Earl Ofari Hutchinson Breaks It Down
The much discussed, much defended, and much reviled pastor Jeremiah Wright can't be blamed for his gross naiveté on politics.
After all, he's a preacher, and as he told Bill Moyers in an interview on PBS that he only talks "about the things of God." That's the way it should be for men of the faith.
But that's not the way it is when one of your flock is a politician who's at the top of the heap in the dash for the White House.
It doesn't do much good as countless Wright defenders have shouted that he is being held to the old racial double standard when much of the media and the public dump on him and call him a racist, hatemonger, and anti-American for his racially inflammatory remarks, but do not pound on white preachers who rail against abortion, gay marriage, and make borderline gender and racially offensive statements. The issue in that case is not the color of the preacher or the notoriety of the member of the flock that hears the preacher's message; it's the timing of the message.
Whether Wright's statements were taken out of context, deliberately mangled and twisted, and packaged to make him look bad is irrelevant. In fact, his remarks weren't even blown up necessarily to make Obama look like a closet radical and racial panderer. Wright's words in context or not were sensational, shocking, and made in heaven news soundbits. Since Obama is a member of his church flock that made them ripe for a political spin.
But Wright should have known that. He's no babe in the wood when it comes to controversy. Sooner or later his words would be fodder for a You Tube loop and for a media whose antenna is sky high for even the slightest bit of campaign titillation. There were just too many hints of that. The early rap of his Southside Chicago church, his fiery preaching style, and his outspoken afro-centric activism on racial and social issues, were plums for the news and political pickings. Early on in the Obama campaign Wright purportedly warned him that his church membership might eventually be made an issue. He even wrote a letter to a New York Times writer lambasting her for allegedly doing a hatchet job on the church and his preachments a year before the storm broke.
His oblique dig at Obama in the Moyers interview for as he put it doing what politicians do showed he knew something about the penchant of politicians to do and say anything to win. Presumably what Wright meant in Obama's case, was that he had to do racial damage control and distance himself from his views.
Wright also learned that in politics timing is everything. The quotes that he screams were skewed and taken out of context are from older sermons and talks. There was no need to make an issue of them then because Obama was still an unknown on the national scene. Even after he tossed his hat in the presidential rink in February, 2007 it still took many months of debates, hard campaigning, and then spectacular wins in a slew of Democratic primaries and caucuses before Democratic Party top guns, much of the media, and public and that included the majority of blacks, not to mention the GOP watchdogs, really believed that he had a real shot at the presidency. There was simply no need to fasten Wright as a political albatross around Obama's neck at that point.
Wright also relearned another lesson about race and politics. It's still a touchy, volatile, and always polarizing issue that politicians step gingerly around whenever they can. That's especially true for Obama. Though he's done everything humanly possible to sell himself and his candidacy as the incarnation of inclusiveness, race neutrality, and unity, there are still the whispers and worries that a racial intent lurks just under the surface in his agenda.

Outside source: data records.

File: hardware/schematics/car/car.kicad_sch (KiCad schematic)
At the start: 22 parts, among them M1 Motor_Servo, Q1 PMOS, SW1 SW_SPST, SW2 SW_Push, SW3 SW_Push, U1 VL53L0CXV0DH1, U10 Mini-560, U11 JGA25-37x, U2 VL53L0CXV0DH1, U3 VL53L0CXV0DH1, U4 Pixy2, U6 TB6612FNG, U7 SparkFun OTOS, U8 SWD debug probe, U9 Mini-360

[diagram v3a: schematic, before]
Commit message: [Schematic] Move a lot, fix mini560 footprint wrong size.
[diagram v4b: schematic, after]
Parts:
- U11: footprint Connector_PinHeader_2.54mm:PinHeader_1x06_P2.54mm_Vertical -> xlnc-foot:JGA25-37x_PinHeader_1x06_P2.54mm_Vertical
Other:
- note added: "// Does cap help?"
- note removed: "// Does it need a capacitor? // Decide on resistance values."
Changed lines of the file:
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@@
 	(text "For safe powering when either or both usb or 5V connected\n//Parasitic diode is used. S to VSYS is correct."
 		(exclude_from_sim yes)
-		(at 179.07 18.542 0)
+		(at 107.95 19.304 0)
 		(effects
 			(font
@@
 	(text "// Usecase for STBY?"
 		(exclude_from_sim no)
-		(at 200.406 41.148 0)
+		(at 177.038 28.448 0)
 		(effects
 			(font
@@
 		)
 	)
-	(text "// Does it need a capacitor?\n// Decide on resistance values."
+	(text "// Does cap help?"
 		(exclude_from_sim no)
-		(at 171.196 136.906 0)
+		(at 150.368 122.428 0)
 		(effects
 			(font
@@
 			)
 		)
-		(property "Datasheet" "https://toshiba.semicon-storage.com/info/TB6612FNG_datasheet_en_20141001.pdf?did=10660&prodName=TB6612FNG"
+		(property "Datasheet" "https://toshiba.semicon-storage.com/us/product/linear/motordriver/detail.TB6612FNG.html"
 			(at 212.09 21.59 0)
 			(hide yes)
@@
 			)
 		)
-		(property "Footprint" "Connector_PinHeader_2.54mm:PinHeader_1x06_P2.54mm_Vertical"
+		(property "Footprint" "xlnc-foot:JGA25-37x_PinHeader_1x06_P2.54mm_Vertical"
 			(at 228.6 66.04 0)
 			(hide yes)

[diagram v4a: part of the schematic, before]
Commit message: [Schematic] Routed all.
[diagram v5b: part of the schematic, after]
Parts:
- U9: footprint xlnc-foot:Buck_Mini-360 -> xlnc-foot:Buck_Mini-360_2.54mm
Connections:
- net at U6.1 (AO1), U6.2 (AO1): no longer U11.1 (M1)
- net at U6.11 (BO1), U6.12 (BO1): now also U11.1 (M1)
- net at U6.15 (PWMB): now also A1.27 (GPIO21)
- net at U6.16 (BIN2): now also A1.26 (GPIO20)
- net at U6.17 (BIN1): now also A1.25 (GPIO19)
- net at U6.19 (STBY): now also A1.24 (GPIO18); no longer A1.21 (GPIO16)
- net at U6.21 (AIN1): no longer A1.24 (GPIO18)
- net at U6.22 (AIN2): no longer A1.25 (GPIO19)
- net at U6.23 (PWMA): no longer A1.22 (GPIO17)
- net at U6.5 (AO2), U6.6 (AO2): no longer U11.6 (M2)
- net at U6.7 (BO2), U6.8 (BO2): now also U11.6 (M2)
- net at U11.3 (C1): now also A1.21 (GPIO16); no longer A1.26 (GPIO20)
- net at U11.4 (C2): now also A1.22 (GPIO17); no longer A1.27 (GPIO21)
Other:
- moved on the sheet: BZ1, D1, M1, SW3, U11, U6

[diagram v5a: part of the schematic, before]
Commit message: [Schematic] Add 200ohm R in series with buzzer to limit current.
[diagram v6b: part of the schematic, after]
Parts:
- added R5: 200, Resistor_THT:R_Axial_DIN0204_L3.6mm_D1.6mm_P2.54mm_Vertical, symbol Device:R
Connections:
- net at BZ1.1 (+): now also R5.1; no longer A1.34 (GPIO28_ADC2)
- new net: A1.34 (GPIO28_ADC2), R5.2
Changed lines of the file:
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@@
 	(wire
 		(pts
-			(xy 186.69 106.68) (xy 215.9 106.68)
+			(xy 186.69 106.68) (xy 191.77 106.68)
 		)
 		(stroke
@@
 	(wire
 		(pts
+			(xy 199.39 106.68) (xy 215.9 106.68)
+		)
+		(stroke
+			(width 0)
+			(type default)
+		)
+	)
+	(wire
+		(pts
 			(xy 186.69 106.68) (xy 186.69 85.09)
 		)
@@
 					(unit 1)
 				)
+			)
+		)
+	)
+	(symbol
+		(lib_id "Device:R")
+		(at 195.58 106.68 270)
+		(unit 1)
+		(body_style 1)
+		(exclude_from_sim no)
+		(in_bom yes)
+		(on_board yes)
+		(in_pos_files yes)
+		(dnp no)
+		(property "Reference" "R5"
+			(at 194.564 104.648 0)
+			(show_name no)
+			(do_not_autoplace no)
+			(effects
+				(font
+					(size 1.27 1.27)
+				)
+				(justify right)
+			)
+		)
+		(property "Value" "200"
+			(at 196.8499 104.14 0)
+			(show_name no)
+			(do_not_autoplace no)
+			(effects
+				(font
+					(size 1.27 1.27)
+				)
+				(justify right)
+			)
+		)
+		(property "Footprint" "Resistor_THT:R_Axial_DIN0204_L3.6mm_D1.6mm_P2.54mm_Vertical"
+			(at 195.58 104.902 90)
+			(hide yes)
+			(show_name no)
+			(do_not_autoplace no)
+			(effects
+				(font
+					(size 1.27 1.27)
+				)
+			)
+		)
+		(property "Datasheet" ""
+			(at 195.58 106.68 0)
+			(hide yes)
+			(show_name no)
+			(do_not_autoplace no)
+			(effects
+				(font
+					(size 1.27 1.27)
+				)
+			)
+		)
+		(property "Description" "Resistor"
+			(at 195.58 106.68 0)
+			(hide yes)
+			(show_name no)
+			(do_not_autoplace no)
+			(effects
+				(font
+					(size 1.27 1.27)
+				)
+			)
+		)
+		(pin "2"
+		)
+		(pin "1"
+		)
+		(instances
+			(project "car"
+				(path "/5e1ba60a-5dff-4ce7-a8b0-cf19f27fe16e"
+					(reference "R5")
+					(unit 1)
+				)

For the Obama doubters and those downright suspicious of him, Wright confirmed their suspicions. There is no hard evidence that Wright did much to contribute to Obama's Pennsylvania primary loss. But the gaping racial rift between white Democrats and black Democrats in the vote there on Clinton and Obama is an inferential sign that Wright may have been on the minds of more than a few white voters.
There's no inference or guesswork that he's on the minds of North Carolina state GOP leaders. Their hit ad that welded Obama at the hip with Wright was splattered all over the state. Though John McCain quickly denounced it and demanded that it be yanked, party leaders there essentially told their man to take a hike.
Wright has retired from the pulpit at Trinity United. However, his alleged out of context and distorted remarks won't be retired. They're too much of a political goldmine and that's something that Wright got a fresh education on.
Earl Ofari Hutchinson is an author and political analyst. His new book is The Ethnic Presidency: How Race Decides the Race to the White House (Middle Passage Press, February 2008).